With its rising tide of unique hotels, a packed programme of cultural activities (free in winter thanks to a local tourist board initiative), and investment in activities that stretch far beyond the beach, it seems Larnaca is moving out of the simple bucket-and-spade bracket and becoming a much more well-rounded destination that is worthy of another look.
Olympic Holidays offers seven nights’ B&B at the three-star Amorgos Boutique Hotel from £446, departing June 15, including flights from Gatwick and transfers. olympicholidays.com
Classic Collection Holidays features a week’s B&B at Palm Beach Hotel & Bungalows from £632 in April, including flights and private transfers. classic-collection.co.uk
Planet Holidays offers a week’s B&B at Ciao Stelio over Valentine’s Day, priced from £477, flying on February 9 from Gatwick with Norwegian Airlines. planet-holidays.co.uk
Tried & Tested: Hotel Opera
The entrance to this 13-room hotel is so low key as to be almost invisible. Hidden away up a flight of marble stairs on the corner of St Lazarus Square (and in Larnaca’s old town, it doesn’t get more central than that), it’s as un-showy as could be.
Yet on reaching the small but friendly first-floor lobby, that starts to make sense. Between bright and airy decor, a shaded veranda perfect for lounging on warmer days, and a self-service bar where guests can help themselves to coffee and cake, this place is all about making people feel at home.
It’s been open only two years, and its simple rooms still feel remarkably fresh, filled with nautical-themed artworks created by the owner himself. They aren’t plush, but most boast their own fridge and balcony, some overlooking the lively square below.
It’s more likely to suit couples than families (although executive rooms can accommodate a camp bed, plus rooms one and two branch off their own lobby like a separate apartment), but it’s a comfortable choice for clients who prefer to avoid the trappings of a large beachfront resort in favour of a simple but central hotel.
Book it: Rooms start at €50 in low season and €70 in summer. hoteloperalarnaca.com
6 of the best winter activities
Larnaka Tourism Board offers complimentary activities for guests staying in the region between November and April.
Mondays: Bird watching at Voroklini Lake and a basket-weaving workshop.
Tuesdays: Visit to Mazotos Camel Park.
Wednesdays: ‘Larnaka: Past and Present’ guided walk.
Thursdays: Halloumi-making and a traditional flour mill in Athienou village.
Fridays: Guided tour of pottery workshops in Larnaca’s Scala district.
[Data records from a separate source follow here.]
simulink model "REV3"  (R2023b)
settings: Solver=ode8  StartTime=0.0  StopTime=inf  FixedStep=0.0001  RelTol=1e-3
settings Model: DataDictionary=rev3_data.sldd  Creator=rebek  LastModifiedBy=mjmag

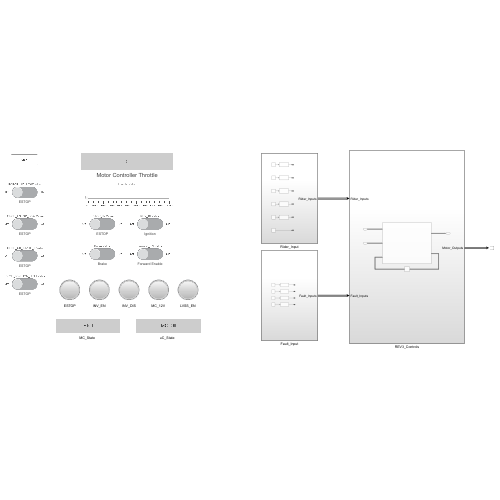
[thumbnail: Simulink's stored preview of the top-level diagram]
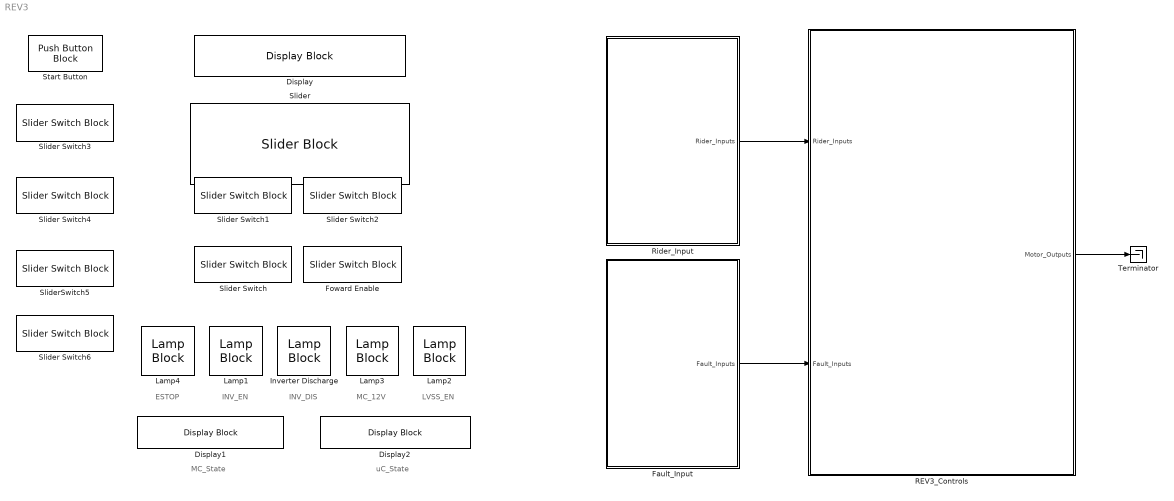
== system REV3 ==
  note: MC_State
  note: LVSS_EN
  note: INV_EN
  note: INV_DIS
  note: MC_12V
  note: uC_State
  note: ESTOP
  Display : DisplayBlock  LabelPosition=Hide  Transparency=1
      settings: AttributesFormatString=Motor Controller Throttle
  Display1 : DisplayBlock  LabelPosition=Hide  Transparency=1
  Display2 : DisplayBlock  LabelPosition=Hide  Transparency=1
  Fault_Input : Subsystem
  Foward Enable : SliderSwitchBlock
      settings: Values={{'Off', 'On'}, [0 1]}
      settings: AttributesFormatString=Forward Enable
  Inverter Discharge : LampBlock  LabelPosition=Hide
  Lamp{1..4} (4 alike) : LampBlock  LabelPosition=Hide
  REV3_Controls : Subsystem
  Rider_Input : Subsystem
  Slider : SliderBlock  ScaleMax=4000
  Slider Switch{,1..4,6} (6 alike) : SliderSwitchBlock
      settings: Values={{'Off', 'On'}, [0 1]}
      Slider Switch settings: AttributesFormatString=Brake
      Slider Switch1 settings: AttributesFormatString=ESTOP
      Slider Switch2 settings: AttributesFormatString=Ignition
      Slider Switch3 settings: AttributesFormatString=ESTOP
      Slider Switch4 settings: AttributesFormatString=ESTOP
      Slider Switch6 settings: AttributesFormatString=ESTOP
  SliderSwitch5 : SliderSwitchBlock
      settings: Values={{'Off', 'On'}, [0 1]}
      settings: AttributesFormatString=ESTOP
  Start Button : PushButtonBlock  ButtonText=Start  OffValue=0.000000
  Terminator : Terminator
  wires:
  Rider_Input/1(Rider_Inputs) -> REV3_Controls/1(Rider_Inputs)
  Fault_Input/1(Fault_Inputs) -> REV3_Controls/2(Fault_Inputs)
  REV3_Controls/1(Motor_Outputs) -> Terminator/1

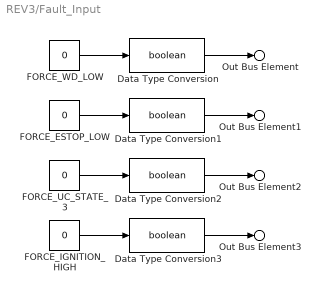
== system REV3/Fault_Input ==
  Data Type Conversion{,1..3} (4 alike) : DataTypeConversion  OutDataTypeStr=boolean  SaturateOnIntegerOverflow=off  RndMeth=Floor
  FORCE_ESTOP_LOW : Constant  Value=0
  FORCE_IGNITION_HIGH : Constant  Value=0
  FORCE_UC_STATE_3 : Constant  Value=0
  FORCE_WD_LOW : Constant  Value=0
  Out Bus Element : Outport  PortName=Fault_Inputs  Element=Force_WD_Low
  Out Bus Element1 : Outport  PortName=Fault_Inputs  Element=Force_Estop_Low
  Out Bus Element2 : Outport  PortName=Fault_Inputs  Element=Force_UC_State_3
  Out Bus Element3 : Outport  PortName=Fault_Inputs  Element=Force_Ignition_High
  wires:
  FORCE_WD_LOW/1 -> Data Type Conversion/1
  FORCE_ESTOP_LOW/1 -> Data Type Conversion1/1
  FORCE_UC_STATE_3/1 -> Data Type Conversion2/1
  FORCE_IGNITION_HIGH/1 -> Data Type Conversion3/1
  Data Type Conversion/1 -> Out Bus Element/1
  Data Type Conversion1/1 -> Out Bus Element1/1
  Data Type Conversion2/1 -> Out Bus Element2/1
  Data Type Conversion3/1 -> Out Bus Element3/1

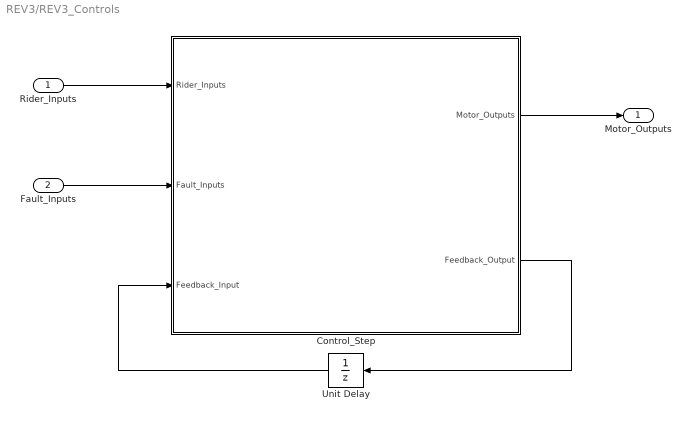
== system REV3/REV3_Controls ==
  Rider_Inputs : Inport
  Fault_Inputs : Inport  Port=2
  Control_Step : Subsystem
  Unit Delay : UnitDelay  SampleTime=-1  HasFrameUpgradeWarning=on
  Motor_Outputs : Outport
  wires:
  Rider_Inputs/1 -> Control_Step/1(Rider_Inputs)
  Fault_Inputs/1 -> Control_Step/2(Fault_Inputs)
  Unit Delay/1 -> Control_Step/3(Feedback_Input)
  Control_Step/1(Motor_Outputs) -> Motor_Outputs/1
  Control_Step/2(Feedback_Output) -> Unit Delay/1

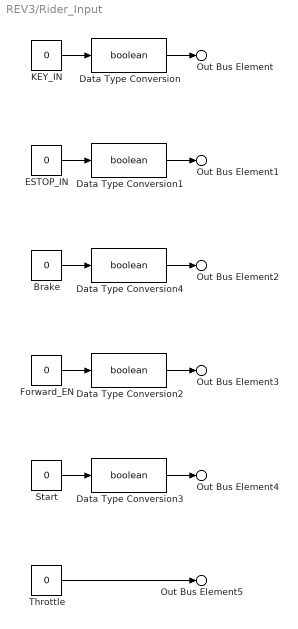
== system REV3/Rider_Input ==
  Brake : Constant  Value=0
  Data Type Conversion{,1..4} (5 alike) : DataTypeConversion  OutDataTypeStr=boolean  SaturateOnIntegerOverflow=off  RndMeth=Floor
  ESTOP_IN : Constant  Value=0
  Forward_EN : Constant  Value=0
  KEY_IN : Constant  Value=0
  Start : Constant  Value=0
  Throttle : Constant  Value=0  OutDataTypeStr=int16
  Out Bus Element : Outport  PortName=Rider_Inputs  Element=Key_In
  Out Bus Element1 : Outport  PortName=Rider_Inputs  Element=Estop_In
  Out Bus Element2 : Outport  PortName=Rider_Inputs  Element=Brake
  Out Bus Element3 : Outport  PortName=Rider_Inputs  Element=Forward_EN
  Out Bus Element4 : Outport  PortName=Rider_Inputs  Element=Start
  Out Bus Element5 : Outport  PortName=Rider_Inputs  Element=Throttle
  wires:
  KEY_IN/1 -> Data Type Conversion/1
  Brake/1 -> Data Type Conversion4/1
  Data Type Conversion4/1 -> Out Bus Element2/1
  Data Type Conversion2/1 -> Out Bus Element3/1
  Data Type Conversion/1 -> Out Bus Element/1
  Forward_EN/1 -> Data Type Conversion2/1
  Data Type Conversion3/1 -> Out Bus Element4/1
  ESTOP_IN/1 -> Data Type Conversion1/1
  Throttle/1 -> Out Bus Element5/1
  Data Type Conversion1/1 -> Out Bus Element1/1
  Start/1 -> Data Type Conversion3/1

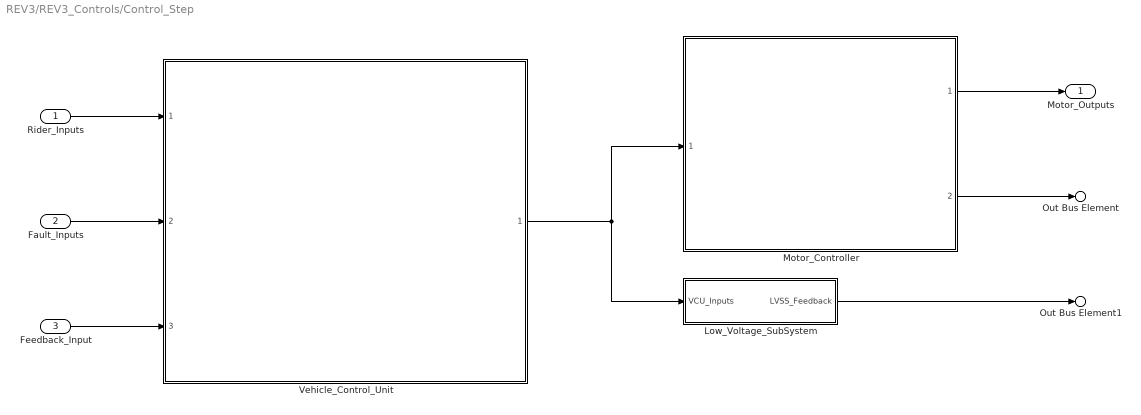
== system REV3/REV3_Controls/Control_Step ==
  Rider_Inputs : Inport
  Fault_Inputs : Inport  Port=2
  Feedback_Input : Inport  Port=3
  Low_Voltage_SubSystem : Subsystem
  Motor_Controller : Subsystem  ReferencedSubsystem=PM100DXR_MC
  Vehicle_Control_Unit : Subsystem  ReferencedSubsystem=VCU
  Motor_Outputs : Outport
  Out Bus Element : Outport  Port=2  PortName=Feedback_Output  Element=MC_Feedback
  Out Bus Element1 : Outport  Port=2  PortName=Feedback_Output  Element=LVSS_Feedback
  wires:
  Vehicle_Control_Unit/1 -> Low_Voltage_SubSystem/1(VCU_Inputs), Motor_Controller/1
  Rider_Inputs/1 -> Vehicle_Control_Unit/1
  Fault_Inputs/1 -> Vehicle_Control_Unit/2
  Motor_Controller/2 -> Out Bus Element/1
  Motor_Controller/1 -> Motor_Outputs/1
  Feedback_Input/1 -> Vehicle_Control_Unit/3
  Low_Voltage_SubSystem/1(LVSS_Feedback) -> Out Bus Element1/1

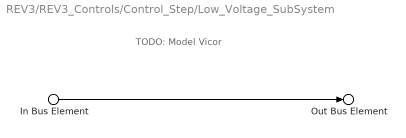
== system REV3/REV3_Controls/Control_Step/Low_Voltage_SubSystem ==
  note: TODO: Model Vicor
  In Bus Element : Inport  PortName=VCU_Inputs  Element=LVSS_Outputs.LVSS_EN
  Out Bus Element : Outport  PortName=LVSS_Feedback  Element=LVSS_ON
  wires:
  In Bus Element/1 -> Out Bus Element/1
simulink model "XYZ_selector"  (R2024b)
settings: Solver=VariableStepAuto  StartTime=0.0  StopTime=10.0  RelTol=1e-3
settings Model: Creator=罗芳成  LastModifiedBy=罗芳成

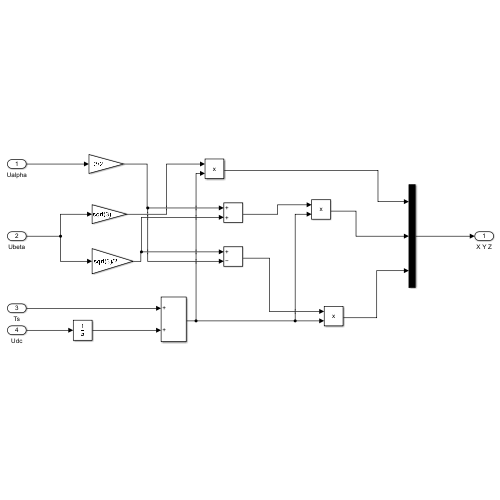
[thumbnail: Simulink's stored preview of the top-level diagram]
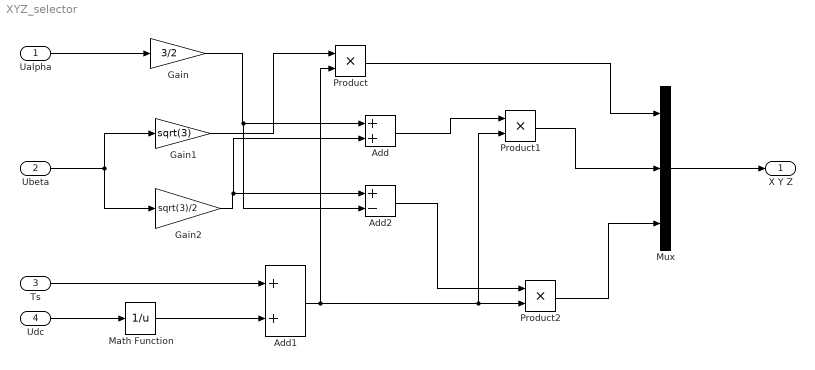
== system XYZ_selector ==
  Ualpha : Inport
  Ubeta : Inport  Port=2
  Ts : Inport  Port=3
  Udc : Inport  Port=4
  Add : Sum
  Add1 : Sum
  Add2 : Sum  Inputs=+-
  Gain : Gain  Gain=3/2
  Gain1 : Gain  Gain=sqrt(3)
  Gain2 : Gain  Gain=sqrt(3)/2
  Math Function : Math  Operator=reciprocal
  Mux : Mux  Inputs=3
  Product : Product
  Product1 : Product
  Product2 : Product
  X Y Z : Outport
  wires:
  Ualpha/1 -> Gain/1
  Ubeta/1 -> Gain1/1, Gain2/1
  Udc/1 -> Math Function/1
  Math Function/1 -> Add1/2
  Ts/1 -> Add1/1
  Gain1/1 -> Product/1
  Add1/1 -> Product2/2, Product1/2, Product/2
  Gain/1 -> Add2/2, Add/1
  Product/1 -> Mux/1
  Gain2/1 -> Add/2, Add2/1
  Add/1 -> Product1/1
  Add2/1 -> Product2/1
  Product1/1 -> Mux/2
  Product2/1 -> Mux/3
  Mux/1 -> X Y Z/1

Saturdays: Villages tour with lace-making in Lefkara, wine-tasting in Kato Drys and local food in Skarinou.
Ask the expert
Photis Lambrianides, commercial director, Olympic Holidays:
“Larnaca has been the most underrated resort for a long time, but it has transformed into Cyprus’s coolest and most vibrant resort, particularly the seafront area of Finikoudes. The marina has been enlarged and modernised, and the beach has been widened to offer lots of umbrellas and deckchairs. Some of the bars and cafes have big plasma TVs screening the important matches taking place in Europe – a big plus for football fans – and with its shallow waters, the McKenzie Beach area offers excellent swimming. At night, its plethora of restaurants makes it the liveliest and most popular area.”